_Your instructions_
Search the material and gather each line with "units" in it.

_Data supplied_
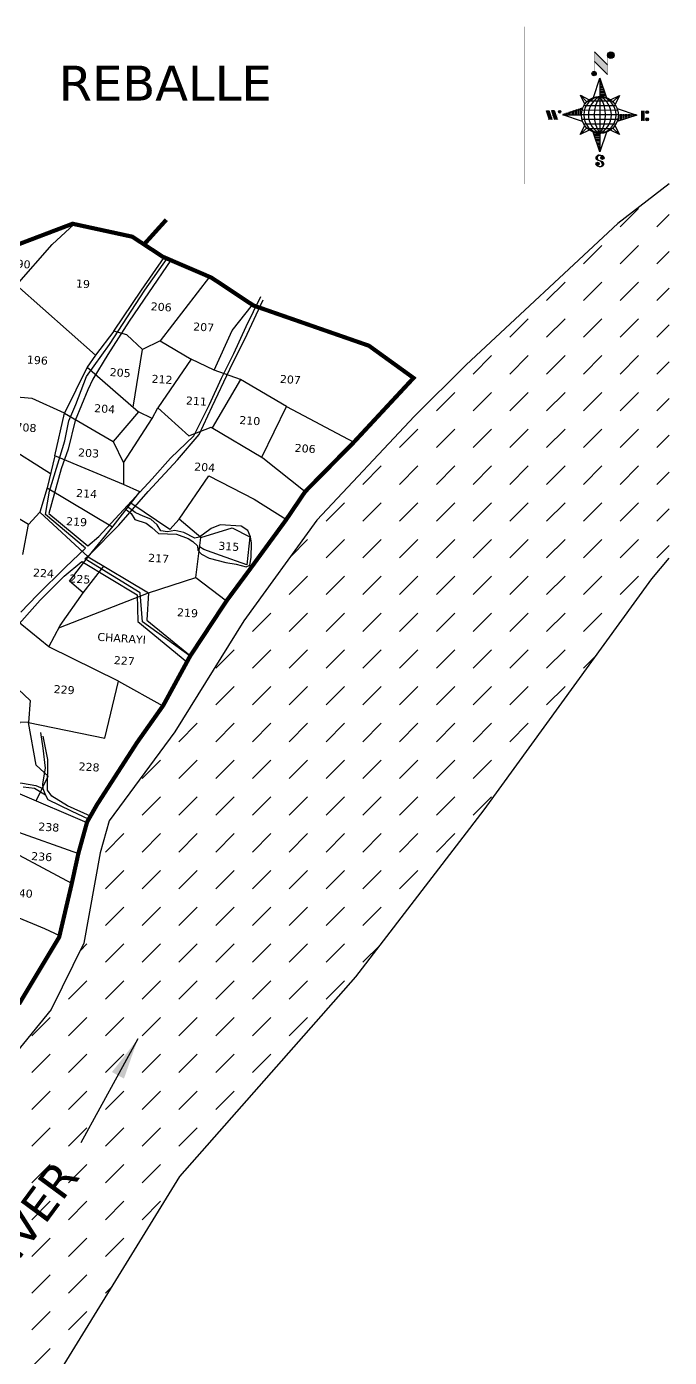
# Model space of a CAD drawing. Header units: inches. Extents: x 387175 to 391502, y 1838919 to 1843735.
# Drawn here: x 389957 to 391502, y 1840533 to 1843732 of the extents above; entities that cross this region are included whole.
import ezdxf

# ---------------------------------------------------------------- set-up
doc = ezdxf.new("R2010")
doc.units = ezdxf.units.IN
doc.header["$MEASUREMENT"] = 0
for name, color, linetype in [('BND', 6, 'Continuous'), ('bord', 1, 'Continuous'), ('NALA', 4, 'Continuous'), ('ROAD', 1, 'Continuous'), ('SY.AREA', 7, 'Continuous'), ('TEXT', 7, 'Continuous'), ('VILLAGE AREA', 1, 'Continuous')]:
    doc.layers.add(name, color=color, linetype=linetype)
doc.styles.get("Standard").update_dxf_attribs({"font": 'verdana.ttf'})
doc.dimstyles.get("Standard").update_dxf_attribs({"dimtxt": 0.18, "dimasz": 0.18, "dimexe": 0.18, "dimexo": 0.0625, "dimgap": 0.09, "dimtad": 0, "dimtih": 1, "dimtoh": 1, "dimdec": 4, "dimzin": 0, "dimdsep": 46, "dimtxsty": 'Standard', "dimcen": 0.09, "dimadec": 0, "dimazin": 0, "dimtfac": 1, "dimtdec": 4, "dimtofl": 0, "dimtmove": 0, "dimatfit": 3, "dimfxl": 1, "dimtolj": 1, "dimtzin": 0, "dimarcsym": 0})
pattern_1 = [(267.297113149, (-8720374.938, 50637915.138), (10.5367255337, -0.497431438), [])]
pattern_2 = [(357.297113149, (-8720374.938, 50637915.138), (0.497431438, 10.5367255337), [])]

# ---------------------------------------------------------------- blocks, each defined once
blk = doc.blocks.new('*X23')
at = {"color": 0, "linetype": 'Continuous'}
for p, q in [((6321.6, 240.5), (6322.3, 241.2)), ((6321.6, 240.3), (6322.3, 241)), ((6321.6, 240.1), (6322.3, 240.8)), ((6321.6, 239.9), (6322.4, 240.7)), ((6321.6, 239.8), (6322.4, 240.6)), ((6321.6, 239.6), (6322.5, 240.5)), ((6321.6, 239.4), (6322.5, 240.3)), ((6321.6, 239.2), (6322.6, 240.2)), ((6321.7, 239.1), (6322.6, 240.1)), ((6321.8, 240.8), (6322.4, 241.4)), ((6322.1, 241.3), (6322.4, 241.6)), ((6321.8, 239), (6322.7, 240)), ((6321.8, 239), (6322.8, 239.9)), ((6321.9, 238.9), (6322.9, 239.8)), ((6322, 238.8), (6323, 239.7)), ((6322.1, 238.7), (6323.1, 239.6)), ((6322.2, 238.6), (6323.1, 239.6)), ((6322.3, 238.5), (6323.2, 239.5)), ((6322.4, 238.5), (6323.3, 239.4)), ((6322.5, 238.4), (6323.4, 239.3)), ((6322.7, 238.4), (6323.6, 239.3)), ((6322.8, 238.3), (6323.7, 239.2)), ((6322.9, 238.3), (6323.8, 239.1)), ((6323.1, 238.2), (6323.9, 239.1)), ((6323.2, 238.2), (6324, 239)), ((6323.3, 238.2), (6324.2, 239)), ((6323.5, 238.1), (6324.3, 238.9)), ((6323.7, 238.1), (6324.4, 238.9)), ((6323.8, 238.1), (6324.6, 238.8)), ((6324.1, 238.2), (6324.7, 238.8)), ((6324.3, 238.3), (6324.9, 238.8)), ((6324.6, 238.3), (6325.1, 238.8)), ((6324.8, 238.4), (6325.2, 238.8)), ((6325.1, 238.5), (6325.4, 238.8)), ((6325.4, 238.6), (6325.6, 238.8))]:
    blk.add_line(p, q, dxfattribs=at)
blk = doc.blocks.new('*X22')
at = {"color": 0, "linetype": 'Continuous'}
for p, q in [((6324.4, 240.3), (6324.5, 240.4)), ((6324.6, 240.3), (6324.8, 240.5)), ((6324.7, 240.2), (6325, 240.5)), ((6324.8, 240.2), (6325.2, 240.6)), ((6325, 240.1), (6325.5, 240.6)), ((6325.1, 240.1), (6325.6, 240.6)), ((6325.2, 240), (6325.8, 240.6)), ((6325.3, 240), (6326, 240.6)), ((6325.4, 239.9), (6326.1, 240.6)), ((6325.5, 239.8), (6326.2, 240.5)), ((6325.6, 239.8), (6326.3, 240.5)), ((6325.7, 239.7), (6326.5, 240.4)), ((6325.9, 239.6), (6326.6, 240.3)), ((6326, 239.5), (6326.7, 240.3)), ((6326, 239.4), (6326.8, 240.2)), ((6326.1, 239.3), (6327, 240.2)), ((6326.2, 239.3), (6327.1, 240.1)), ((6326.3, 239.2), (6327.1, 240)), ((6326.4, 239.1), (6327.2, 239.9)), ((6326.5, 239), (6327.3, 239.8)), ((6326.5, 238.9), (6327.4, 239.7)), ((6326.6, 238.8), (6327.5, 239.6)), ((6326.7, 238.7), (6327.5, 239.5)), ((6326.8, 238.6), (6327.6, 239.4)), ((6326.8, 238.5), (6327.7, 239.3)), ((6326.8, 236.5), (6327.4, 237)), ((6326.9, 238.3), (6327.8, 239.2)), ((6326.9, 238.2), (6327.9, 239.1)), ((6326.9, 236.8), (6327.6, 237.4)), ((6327, 238.1), (6327.8, 239)), ((6327, 237.9), (6327.8, 238.8)), ((6327, 237.8), (6327.8, 238.6)), ((6327, 237.6), (6327.8, 238.4)), ((6327, 237.4), (6327.8, 238.2)), ((6327, 237.3), (6327.8, 238)), ((6327, 237.1), (6327.8, 237.9))]:
    blk.add_line(p, q, dxfattribs=at)
blk = doc.blocks.new('H')
at = {"layer": 'bord', "extrusion": (0.000427885, 0.004792, 0.999988)}
h = blk.add_hatch(dxfattribs=at)
h.set_pattern_fill('LINE', color=8, scale=84.387686, angle=-2.70289, style=0)
h.set_pattern_definition(pattern_2)
h.paths.add_polyline_path([(-492.5, 785.6, -0.090992), (-448, 775.2), (-486.5, 912)])
h = blk.add_hatch(dxfattribs=at)
h.set_pattern_fill('LINE', color=8, scale=84.387686, angle=-92.70289, style=0)
h.set_pattern_definition(pattern_1)
h.paths.add_polyline_path([(-624.9, 665.1, -0.090992), (-614.5, 709.6), (-751.3, 671.1)])
h = blk.add_hatch(dxfattribs=at)
h.set_pattern_fill('LINE', color=8, scale=84.387686, angle=-92.70289, style=0)
h.set_pattern_definition(pattern_1)
h.paths.add_polyline_path([(-245.6, 647.2), (-372, 653.2, -0.090992), (-382.4, 608.7)])
h = blk.add_hatch(dxfattribs=at)
h.set_pattern_fill('LINE', color=8, scale=84.387686, angle=-2.70289, style=0)
h.set_pattern_definition(pattern_2)
h.paths.add_polyline_path([(-504.4, 532.7, -0.090992), (-548.9, 543.1), (-510.4, 406.3)])
for p, q in [((-519.4, 1020.4, -1216.8), (-434.7, 927.3, -1216.4)), ((-516.2, 1087.1, -1217.1), (-431.5, 994, -1216.7)), ((-538.3, 773.7, -1215.6), (-487, 906.2, -1216.3)), ((-487, 906.2, -1216.3), (-493, 779.8, -1215.7)), ((-487, 906.2, -1216.3), (-448.5, 769.4, -1215.7)), ((-626.7, 793.8, -1215.7), (-566.8, 760.2, -1215.6)), ((-626.7, 793.8, -1215.7), (-584.1, 747, -1215.5)), ((-598.9, 731, -1215.4), (-626.7, 793.8, -1215.7)), ((-421.3, 753.3, -1215.6), (-358.5, 781.1, -1215.7)), ((-358.5, 781.1, -1215.7), (-405.3, 738.5, -1215.5)), ((-358.5, 781.1, -1215.7), (-392.1, 721.2, -1215.4)), ((-864.7, 700.9, -1215.1), (-846.9, 637.7, -1214.9)), ((-846.9, 700.1, -1215.1), (-829.1, 636.9, -1214.9)), ((-829.1, 699.2, -1215.2), (-811.3, 636, -1214.9)), ((-829.1, 699.2, -1215.2), (-811.3, 698.4, -1215.2)), ((-811.3, 698.4, -1215.2), (-793.5, 635.2, -1214.9)), ((-751.8, 665.3, -1215), (-615, 703.8, -1215.3)), ((-751.8, 665.3, -1215), (-625.4, 659.3, -1215)), ((-619.3, 614, -1214.8), (-751.8, 665.3, -1215)), ((-246.1, 641.4, -1215.1), (-382.9, 602.9, -1214.9)), ((-378.6, 692.6, -1215.3), (-246.1, 641.4, -1215.1)), ((-372.5, 647.4, -1215.1), (-246.1, 641.4, -1215.1)), ((-213.5, 669.3, -1215.3), (-216.7, 600.8, -1214.9)), ((-197.2, 599.9, -1214.9), (-193.9, 668.4, -1215.3)), ((-639.4, 525.6, -1214.4), (-605.8, 585.5, -1214.7)), ((-639.4, 525.6, -1214.4), (-592.6, 568.1, -1214.6)), ((-576.6, 553.3, -1214.6), (-639.4, 525.6, -1214.4)), ((-371.2, 512.9, -1214.5), (-413.8, 559.7, -1214.7)), ((-399, 575.7, -1214.7), (-371.2, 512.9, -1214.5)), ((-510.9, 400.5, -1213.9), (-549.4, 537.2, -1214.5)), ((-459.6, 533, -1214.5), (-510.9, 400.5, -1213.9)), ((-504.9, 526.9, -1214.5), (-510.9, 400.5, -1213.9)), ((-371.2, 512.9, -1214.5), (-431.1, 546.5, -1214.6))]:
    blk.add_line(p, q, dxfattribs=at)
at = {"layer": 'bord', "color": 8, "linetype": 'ByBlock', "extrusion": (0.000427885, 0.004792, 0.999988)}
for p, q in [((-410.8, 744.2, -1215.5), (-578.1, 752.1, -1215.5)), ((-493, 779.8, -1215.7), (-504.9, 526.9, -1214.5)), ((-372.5, 647.4, -1215.1), (-625.4, 659.3, -1215)), ((-375, 679.2, -1215.3), (-619.9, 690.7, -1215.2)), ((-386.5, 711.4, -1215.4), (-605.5, 721.7, -1215.4)), ((-378, 615.9, -1214.9), (-622.9, 627.5, -1214.9)), ((-392.4, 584.9, -1214.8), (-611.4, 595.3, -1214.7)), ((-419.8, 554.6, -1214.6), (-587.1, 562.5, -1214.6))]:
    blk.add_line(p, q, dxfattribs=at)
at = {"layer": 'bord', "extrusion": (0.000427885, 0.004792, 0.999988), "elevation": -1212.1}
for points, const_width in [([(-522, 959.6), (-515.7, 1092.9)], 1.61), ([(-434.2, 933.1), (-427.9, 1066.5)], 1.61), ([(-870.1, 707), (-846.4, 705.9)], 0.642), ([(-828.6, 642.7), (-855.2, 643.9)], 0.642), ([(-828.6, 642.7), (-821, 678)], 0.642), ([(-793, 641), (-781.6, 693.9)], 0.642), ([(-222.7, 675.6), (-173.8, 673.3)], 0.706), ([(-194.8, 644.8), (-185, 644.4)], 0.706), ([(-810.8, 641.8), (-784.1, 640.6)], 0.642), ([(-177.1, 604.8), (-226, 607.1)], 0.706)]:
    blk.add_lwpolyline(points, dxfattribs=dict(at, const_width=const_width))
for points, const_width in [([(-413.7, 1073.1, 1), (-397.6, 1057.7, 1)], 22.3), ([(-530.3, 949.5, 1), (-519.6, 939.3, 1)], 14.8), ([(-775.9, 696.6, 1), (-769.5, 690.4, 1)], 8.9), ([(-177.8, 666.9, 1), (-170.8, 660.1, 1)], 9.79), ([(-180.1, 618, 1), (-173.1, 611.2, 1)], 9.79), ([(-489.8, 361.7, 1), (-498.1, 369.1, 1)], 11.1), ([(-525.2, 321.6, 1), (-533.4, 328.9, 1)], 11.1)]:
    blk.add_lwpolyline(points, format="xyb", close=True, dxfattribs=dict(at, const_width=const_width))
for points in [[(-537, 317.4), (-530.7, 310.5), (-519.8, 306.8), (-504.9, 306.9), (-493.9, 310), (-486.3, 317.7), (-486.5, 325.8), (-490.6, 333.3), (-493.5, 336.2), (-502.8, 340.9), (-522.5, 347.3), (-530.4, 351.6), (-533.7, 354.6), (-537.4, 362.6), (-537, 373.4), (-530, 380.7), (-520, 384.1), (-503.5, 384.2), (-492.5, 379.9), (-487.1, 373.3)], [(-522.5, 347.6), (-526.2, 353.8), (-527.8, 360.6), (-527.9, 370.6), (-525.9, 375.5), (-521.3, 381.2), (-514.5, 384.4)], [(-504.9, 306.9), (-499, 312.4), (-497, 319.4), (-497.5, 326.5), (-501.2, 335.4), (-509.2, 343.2)]]:
    blk.add_lwpolyline(points, dxfattribs=at)
at = {"layer": 'bord', "extrusion": (0.000427885, 0.004792, 0.999988)}
for centre, radius in [((-405.6, 1065.4, -1212.1), 22.3), ((-525, 944.4, -1212.1), 14.8), ((-498.4, 659.1, -1212.1), 126.6), ((-772.7, 693.5, -1212.1), 8.9), ((-174.3, 663.5, -1212.1), 9.79), ((-176.6, 614.6, -1212.1), 9.79), ((-494, 365.4, -1212.1), 11.1), ((-529.3, 325.2, -1212.1), 11.1)]:
    blk.add_circle(centre, radius, dxfattribs=at)
at = {"layer": 'bord', "color": 8, "linetype": 'ByBlock', "extrusion": (0.000427885, 0.004792, 0.999988)}
for centre, radius, start, end in [((-481.5, 658.3, -1212.1), 127.7, 94.92536, 259.66906), ((-436.8, 656.2, -1212.1), 140.8, 113.28644, 241.30798), ((-315.9, 650.5, -1212.1), 222.3, 142.58916, 212.00526), ((-560.1, 662.1, -1212.1), 140.8, 293.28644, 61.30798), ((-681, 667.8, -1212.1), 222.3, 322.58916, 32.00526), ((-515.4, 659.9, -1212.1), 127.7, 274.92536, 79.66906)]:
    blk.add_arc(centre, radius, start, end, dxfattribs=at)
at = {"layer": 'bord', "extrusion": (0.000427885, 0.004792, 0.999988)}
for points in [[(-515.7, 1092.9, -1212.1), (-431, 999.8, -1212.1), (-518.9, 1026.2, -1212.1), (-434.2, 933.1, -1212.1)], [(-864.1, 706.7, -1212.1), (-846.4, 705.9, -1212.1), (-846.3, 643.5, -1212.1), (-828.6, 642.7, -1212.1)], [(-828.6, 705, -1212.1), (-810.8, 704.2, -1212.1), (-810.8, 641.8, -1212.1), (-793, 641, -1212.1)], [(-193.4, 674.2, -1212.1), (-196.6, 605.7, -1212.1), (-213, 675.1, -1212.1), (-216.2, 606.7, -1212.1)]]:
    blk.add_solid(points, dxfattribs=at)
at = {"layer": 'bord', "extrusion": (0.000427885, 0.004792, 0.999988), "xscale": 7.977342409717546, "yscale": 7.977342408231451, "zscale": 7.977342408476333, "rotation": 138.0840426661453}
for name, p in [('*X22', (38300.5, -31929.4, -1212.1)), ('*X23', (38314.4, -31950.9, -1212.1))]:
    blk.add_blockref(name, p, dxfattribs=at)

msp = doc.modelspace()

# ---------------------------------------------------------------- hatches: boundary and pattern name
h = msp.add_hatch()
h.set_pattern_fill('DASH', color=4, scale=500, angle=45)
h.paths.add_polyline_path([(390312.8, 1842037.2), (390155.3, 1841823.2), (390133.9, 1841745.9), (390094.4, 1841528.7), (390016, 1841369.3), (389854.1, 1841171.9), (389790.5, 1841124.2), (389737.5, 1841060.7), (389616.7, 1840935.9), (389554.5, 1840853.8), (389431.9, 1840667.9), (389330.5, 1840558.2), (389163.6, 1840421), (389065.2, 1840318.8), (388934, 1840254.6), (388805.5, 1840207.4), (388651.7, 1840153.5), (388550.7, 1840125.9), (388422.1, 1840107.6), (388315.5, 1840090.3), (388267, 1840070.6), (388208, 1840043.1), (388107, 1839952.7), (388032.3, 1839887.1), (388024.6, 1839887.1), (387989.9, 1839894.9), (387961.6, 1839906.4), (387939.7, 1839905.1), (387902.5, 1839879.4), (387787.8, 1839816.4), (387706.8, 1839759.9), (387490.6, 1839667.2), (387271.9, 1839588.7), (387175.6, 1839559.8), (387175.6, 1839109.1), (387196.2, 1839098.1), (387250.2, 1839091.6), (387322.6, 1839089.5), (387561.1, 1839129.6), (387680.3, 1839140), (387815.1, 1839162.4), (387899.8, 1839178), (388210.9, 1839361.6), (388399.6, 1839422.5), (388566, 1839533.4), (388799.1, 1839644.2), (389371, 1839940.5), (389756.6, 1840142), (389900.1, 1840276.4), (390324.9, 1840968), (390748.2, 1841448.1), (391056.6, 1841849.3), (391459.4, 1842404.7), (391501.7, 1842454.5), (391501.7, 1843354), (391377.7, 1843259.1), (391013.5, 1842919.1), (390889.6, 1842795.5), (390654.6, 1842545.6), (390479.3, 1842304.1)])
h.paths.add_polyline_path([(389585.2, 1840250.1), (390143, 1841005.7), (390043, 1841079.6), (389485.2, 1840324)], flags=24)

# ---------------------------------------------------------------- linework, layer by layer
at = {"const_width": 0.285}
for points in [[(387175.6, 1838919.1), (391501.7, 1838919.1), (391501.7, 1843732.2), (387175.6, 1843732.2)], [(391501.7, 1843732.2), (391153.7, 1843732.2), (391153.7, 1843354), (391501.7, 1843354)]]:
    msp.add_lwpolyline(points, close=True, dxfattribs=at)
at = {"color": 4}
for points in [[(391501.7, 1843354), (391377.7, 1843259.1), (391013.5, 1842919.1), (390889.6, 1842795.5), (390654.6, 1842545.6), (390479.3, 1842304.1), (390312.8, 1842037.2), (390155.3, 1841823.2), (390133.9, 1841745.9), (390094.4, 1841528.7), (390016, 1841369.3), (389854.1, 1841171.9), (389790.5, 1841124.2), (389737.5, 1841060.7), (389616.7, 1840935.9), (389554.5, 1840853.8), (389431.9, 1840667.9), (389330.5, 1840558.2), (389163.6, 1840421)], [(387175.6, 1839109.1), (387196.2, 1839098.1), (387250.2, 1839091.6), (387322.6, 1839089.5), (387561.1, 1839129.6), (387680.3, 1839140), (387815.1, 1839162.4), (387899.8, 1839178), (388210.9, 1839361.6), (388399.6, 1839422.5), (388566, 1839533.4), (388799.1, 1839644.2), (389371, 1839940.5), (389756.6, 1840142), (389900.1, 1840276.4), (390324.9, 1840968), (390748.2, 1841448.1), (391056.6, 1841849.3), (391459.4, 1842404.7), (391501.7, 1842454.5)]]:
    msp.add_lwpolyline(points, dxfattribs=at)
at = {"layer": 'BND', "lineweight": 30, "const_width": 10}
for points in [[(390292.7, 1843268.1), (390239.1, 1843208.7), (390210.7, 1843227.3), (390067.4, 1843258.4), (389808.1, 1843159.8)], [(389938.6, 1841382.5), (390035.2, 1841543.5), (390065.4, 1841672.2), (390081.3, 1841744.7), (390102.3, 1841820.3), (390126.1, 1841862), (390222.7, 1842011.8), (390285.4, 1842100.6), (390349.8, 1842218.9), (390437.7, 1842352.2), (390490.9, 1842424), (390580.8, 1842547), (390626.6, 1842614.7), (390743.7, 1842733.5), (390886.9, 1842887.7), (390779.6, 1842965.2), (390502.2, 1843061.8), (390401.2, 1843128.8), (390284, 1843179.2), (390239.1, 1843208.7)]]:
    msp.add_lwpolyline(points, dxfattribs=at)
at = {"layer": 'NALA'}
for points in [[(390195.8, 1842571.2), (390208, 1842561.5), (390217.4, 1842547.8), (390244.1, 1842538.6), (390257.7, 1842528.2), (390274.2, 1842514.1), (390316.9, 1842512.1), (390345.6, 1842501.9), (390356.6, 1842494.9), (390367.8, 1842484.2), (390368.7, 1842473.5), (390377.2, 1842463.8), (390396, 1842454.3), (390435.4, 1842444.2), (390460.8, 1842439.8), (390484.6, 1842433.9), (390493.2, 1842437.3), (390496.7, 1842455.7), (390497.8, 1842490.4), (390495.3, 1842506), (390488.3, 1842520.7), (390472.3, 1842531.3), (390422.2, 1842534.5), (390400.3, 1842526.1), (390381.9, 1842512.2), (390371.9, 1842504.6), (390361.1, 1842502.9), (390334.6, 1842516.1), (390313.5, 1842521), (390295.9, 1842517.8), (390279.4, 1842520.1), (390270.4, 1842534.5), (390255.5, 1842548.5), (390241.2, 1842554.2), (390230, 1842558.9), (390217.6, 1842564.1), (390208.2, 1842571.8), (390200.3, 1842577)], [(389438, 1842310), (389469.1, 1842241.1), (389500.7, 1842178.5), (389523.2, 1842137.3), (389543, 1842098.4), (389564.1, 1842058.7), (389582.3, 1842026.1), (389607.8, 1842000.8), (389624.8, 1841971.8), (389645.2, 1841941.9), (389658, 1841925), (389692.5, 1841929.8), (389744.5, 1841956.4), (389769.7, 1841947), (389824.5, 1841894.3), (389839.5, 1841867.5), (389855.4, 1841854.6), (389891, 1841886.5), (389916, 1841916.9), (389947.2, 1841913.5), (389978.9, 1841907.9), (389995.5, 1841901.1)], [(389990, 1842035.2), (389995.9, 1841997.7), (390001.6, 1841949.6), (389995, 1841912.3), (389995.5, 1841901.1), (390002.1, 1841884.7), (390007.6, 1841874.6), (390063.9, 1841847), (390106.3, 1841827.3)], [(390110.2, 1841834.1), (390055.3, 1841859.2), (390017.8, 1841882.3), (390007, 1841897.1), (390008.2, 1841970.1), (389996.5, 1842026.2)], [(390002.1, 1841884.7), (389975.7, 1841900.6), (389948.9, 1841904.2)]]:
    msp.add_lwpolyline(points, dxfattribs=at)
at = {"layer": 'ROAD'}
for points in [[(390098.1, 1842478.7), (390002.6, 1842559.1), (390011.6, 1842615.7), (390048.6, 1842736.9), (390058, 1842784.3), (390075.1, 1842824), (390100.9, 1842891.5), (390155.9, 1842967.9), (390240.7, 1843098.6), (390294.9, 1843174.5)], [(390303.2, 1843170.9), (390249.5, 1843092.5), (390203.1, 1843024.6), (390151.8, 1842944.4), (390116.4, 1842885), (390103.8, 1842859.2), (390073.5, 1842785.1), (390056.4, 1842716.6), (390039.7, 1842669.1), (390009.9, 1842562.1), (390103.9, 1842484.3)], [(390103.9, 1842484.3), (390130.1, 1842506.5), (390258.7, 1842644.9), (390302.8, 1842694.6), (390359, 1842748.4), (390396.6, 1842824), (390425.7, 1842887.4), (390455.2, 1842946.6), (390484.4, 1843011), (390519.6, 1843083.3)], [(390098.1, 1842478.7), (390050.7, 1842433.2), (389982, 1842365.9), (389942.8, 1842324.9)], [(390089.4, 1842446.7), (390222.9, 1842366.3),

_Solution to the exercise_
# Model space of a CAD drawing. Header units: inches. Extents: x 387175 to 391502, y 1838919 to 1843735.
doc.units = ezdxf.units.IN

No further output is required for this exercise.